▶ [Recorded data]

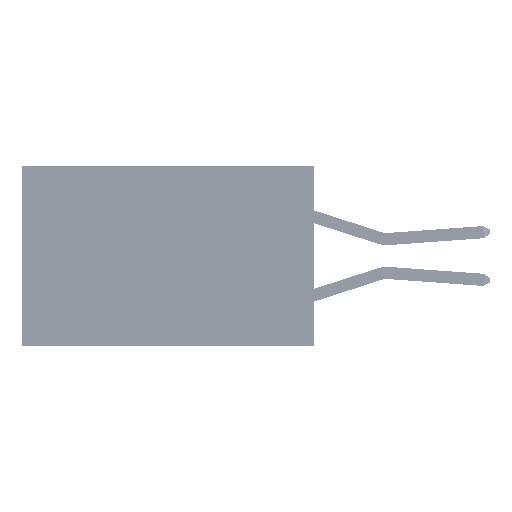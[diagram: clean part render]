
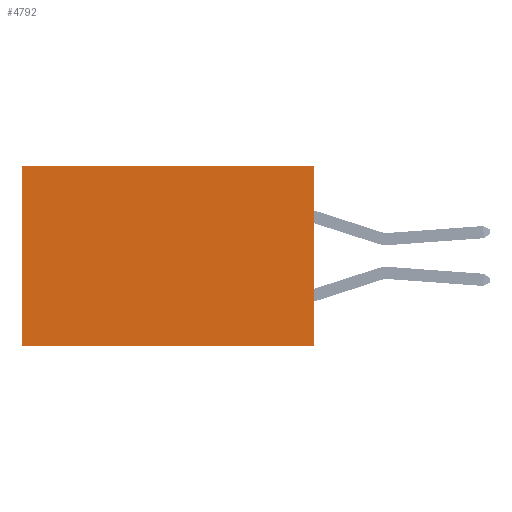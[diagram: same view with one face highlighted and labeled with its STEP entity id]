
A CAD part, left-side view. The second image highlights one B-rep face of the part: STEP entity #4792.
In plain terms, the highlighted planar face has unit normal (-1, 0, 0).
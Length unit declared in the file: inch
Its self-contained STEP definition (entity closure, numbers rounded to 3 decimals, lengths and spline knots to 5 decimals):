
#673 = PLANE ( 'NONE',  #20068 ) ;
#811 = VERTEX_POINT ( 'NONE', #36179 ) ;
#852 = EDGE_CURVE ( 'NONE', #1347, #811, #5067, .T. ) ;
#1276 = DIRECTION ( 'NONE',  ( 0., 0., -1. ) ) ;
#1347 = VERTEX_POINT ( 'NONE', #32861 ) ;
#1930 = CARTESIAN_POINT ( 'NONE',  ( 0.2875, 0., 0. ) ) ;
#4227 = CARTESIAN_POINT ( 'NONE',  ( 0.2875, 0., -0.37 ) ) ;
#4789 = DIRECTION ( 'NONE',  ( 1., 0., 0. ) ) ;
#4792 = ADVANCED_FACE ( 'NONE', ( #7771 ), #673, .F. ) ;
#5067 = LINE ( 'NONE', #11691, #36865 ) ;
#7007 = VECTOR ( 'NONE', #24140, 39.37008 ) ;
#7771 = FACE_OUTER_BOUND ( 'NONE', #41427, .T. ) ;
#11691 = CARTESIAN_POINT ( 'NONE',  ( 0.2875, 0.6, 0. ) ) ;
#13225 = LINE ( 'NONE', #1930, #31853 ) ;
#14460 = ORIENTED_EDGE ( 'NONE', *, *, #21216, .T. ) ;
#16707 = CARTESIAN_POINT ( 'NONE',  ( 0.2875, 0., 0. ) ) ;
#16889 = VERTEX_POINT ( 'NONE', #21633 ) ;
#17908 = EDGE_CURVE ( 'NONE', #28619, #811, #49291, .T. ) ;
#19019 = ORIENTED_EDGE ( 'NONE', *, *, #852, .T. ) ;
#19787 = ORIENTED_EDGE ( 'NONE', *, *, #17908, .F. ) ;
#20068 = AXIS2_PLACEMENT_3D ( 'NONE', #16707, #4789, #32678 ) ;
#20348 = CARTESIAN_POINT ( 'NONE',  ( 0.2875, 0., -0.37 ) ) ;
#20633 = CARTESIAN_POINT ( 'NONE',  ( 0.2875, 0., 0. ) ) ;
#21216 = EDGE_CURVE ( 'NONE', #16889, #1347, #51450, .T. ) ;
#21633 = CARTESIAN_POINT ( 'NONE',  ( 0.2875, 0., 0. ) ) ;
#24140 = DIRECTION ( 'NONE',  ( 0., 1., 0. ) ) ;
#28619 = VERTEX_POINT ( 'NONE', #20348 ) ;
#31853 = VECTOR ( 'NONE', #45834, 39.37008 ) ;
#32627 = DIRECTION ( 'NONE',  ( 0., 1., 0. ) ) ;
#32678 = DIRECTION ( 'NONE',  ( 0., 0., -1. ) ) ;
#32861 = CARTESIAN_POINT ( 'NONE',  ( 0.2875, 0.6, 0. ) ) ;
#34928 = EDGE_CURVE ( 'NONE', #16889, #28619, #13225, .T. ) ;
#36179 = CARTESIAN_POINT ( 'NONE',  ( 0.2875, 0.6, -0.37 ) ) ;
#36865 = VECTOR ( 'NONE', #1276, 39.37008 ) ;
#40972 = VECTOR ( 'NONE', #32627, 39.37008 ) ;
#41427 = EDGE_LOOP ( 'NONE', ( #19019, #19787, #47447, #14460 ) ) ;
#45834 = DIRECTION ( 'NONE',  ( 0., 0., -1. ) ) ;
#47447 = ORIENTED_EDGE ( 'NONE', *, *, #34928, .F. ) ;
#49291 = LINE ( 'NONE', #4227, #7007 ) ;
#51450 = LINE ( 'NONE', #20633, #40972 ) ;

▶ [Aim of the task] In your copy, repeat the records above exactly and include no images.

▶ [Result below]
[diagram: clean part render]
[diagram: same view with one face highlighted and labeled with its STEP entity id]
A CAD part, left-side view. The second image highlights one B-rep face of the part: STEP entity #4792.
In plain terms, the highlighted planar face has unit normal (-1, 0, 0).
Length unit declared in the file: inch
Its self-contained STEP definition (entity closure, numbers rounded to 3 decimals, lengths and spline knots to 5 decimals):
#673 = PLANE ( 'NONE',  #20068 ) ;
#811 = VERTEX_POINT ( 'NONE', #36179 ) ;
#852 = EDGE_CURVE ( 'NONE', #1347, #811, #5067, .T. ) ;
#1276 = DIRECTION ( 'NONE',  ( 0., 0., -1. ) ) ;
#1347 = VERTEX_POINT ( 'NONE', #32861 ) ;
#1930 = CARTESIAN_POINT ( 'NONE',  ( 0.2875, 0., 0. ) ) ;
#4227 = CARTESIAN_POINT ( 'NONE',  ( 0.2875, 0., -0.37 ) ) ;
#4789 = DIRECTION ( 'NONE',  ( 1., 0., 0. ) ) ;
#4792 = ADVANCED_FACE ( 'NONE', ( #7771 ), #673, .F. ) ;
#5067 = LINE ( 'NONE', #11691, #36865 ) ;
#7007 = VECTOR ( 'NONE', #24140, 39.37008 ) ;
#7771 = FACE_OUTER_BOUND ( 'NONE', #41427, .T. ) ;
#11691 = CARTESIAN_POINT ( 'NONE',  ( 0.2875, 0.6, 0. ) ) ;
#13225 = LINE ( 'NONE', #1930, #31853 ) ;
#14460 = ORIENTED_EDGE ( 'NONE', *, *, #21216, .T. ) ;
#16707 = CARTESIAN_POINT ( 'NONE',  ( 0.2875, 0., 0. ) ) ;
#16889 = VERTEX_POINT ( 'NONE', #21633 ) ;
#17908 = EDGE_CURVE ( 'NONE', #28619, #811, #49291, .T. ) ;
#19019 = ORIENTED_EDGE ( 'NONE', *, *, #852, .T. ) ;
#19787 = ORIENTED_EDGE ( 'NONE', *, *, #17908, .F. ) ;
#20068 = AXIS2_PLACEMENT_3D ( 'NONE', #16707, #4789, #32678 ) ;
#20348 = CARTESIAN_POINT ( 'NONE',  ( 0.2875, 0., -0.37 ) ) ;
#20633 = CARTESIAN_POINT ( 'NONE',  ( 0.2875, 0., 0. ) ) ;
#21216 = EDGE_CURVE ( 'NONE', #16889, #1347, #51450, .T. ) ;
#21633 = CARTESIAN_POINT ( 'NONE',  ( 0.2875, 0., 0. ) ) ;
#24140 = DIRECTION ( 'NONE',  ( 0., 1., 0. ) ) ;
#28619 = VERTEX_POINT ( 'NONE', #20348 ) ;
#31853 = VECTOR ( 'NONE', #45834, 39.37008 ) ;
#32627 = DIRECTION ( 'NONE',  ( 0., 1., 0. ) ) ;
#32678 = DIRECTION ( 'NONE',  ( 0., 0., -1. ) ) ;
#32861 = CARTESIAN_POINT ( 'NONE',  ( 0.2875, 0.6, 0. ) ) ;
#34928 = EDGE_CURVE ( 'NONE', #16889, #28619, #13225, .T. ) ;
#36179 = CARTESIAN_POINT ( 'NONE',  ( 0.2875, 0.6, -0.37 ) ) ;
#36865 = VECTOR ( 'NONE', #1276, 39.37008 ) ;
#40972 = VECTOR ( 'NONE', #32627, 39.37008 ) ;
#41427 = EDGE_LOOP ( 'NONE', ( #19019, #19787, #47447, #14460 ) ) ;
#45834 = DIRECTION ( 'NONE',  ( 0., 0., -1. ) ) ;
#47447 = ORIENTED_EDGE ( 'NONE', *, *, #34928, .F. ) ;
#49291 = LINE ( 'NONE', #4227, #7007 ) ;
#51450 = LINE ( 'NONE', #20633, #40972 ) ;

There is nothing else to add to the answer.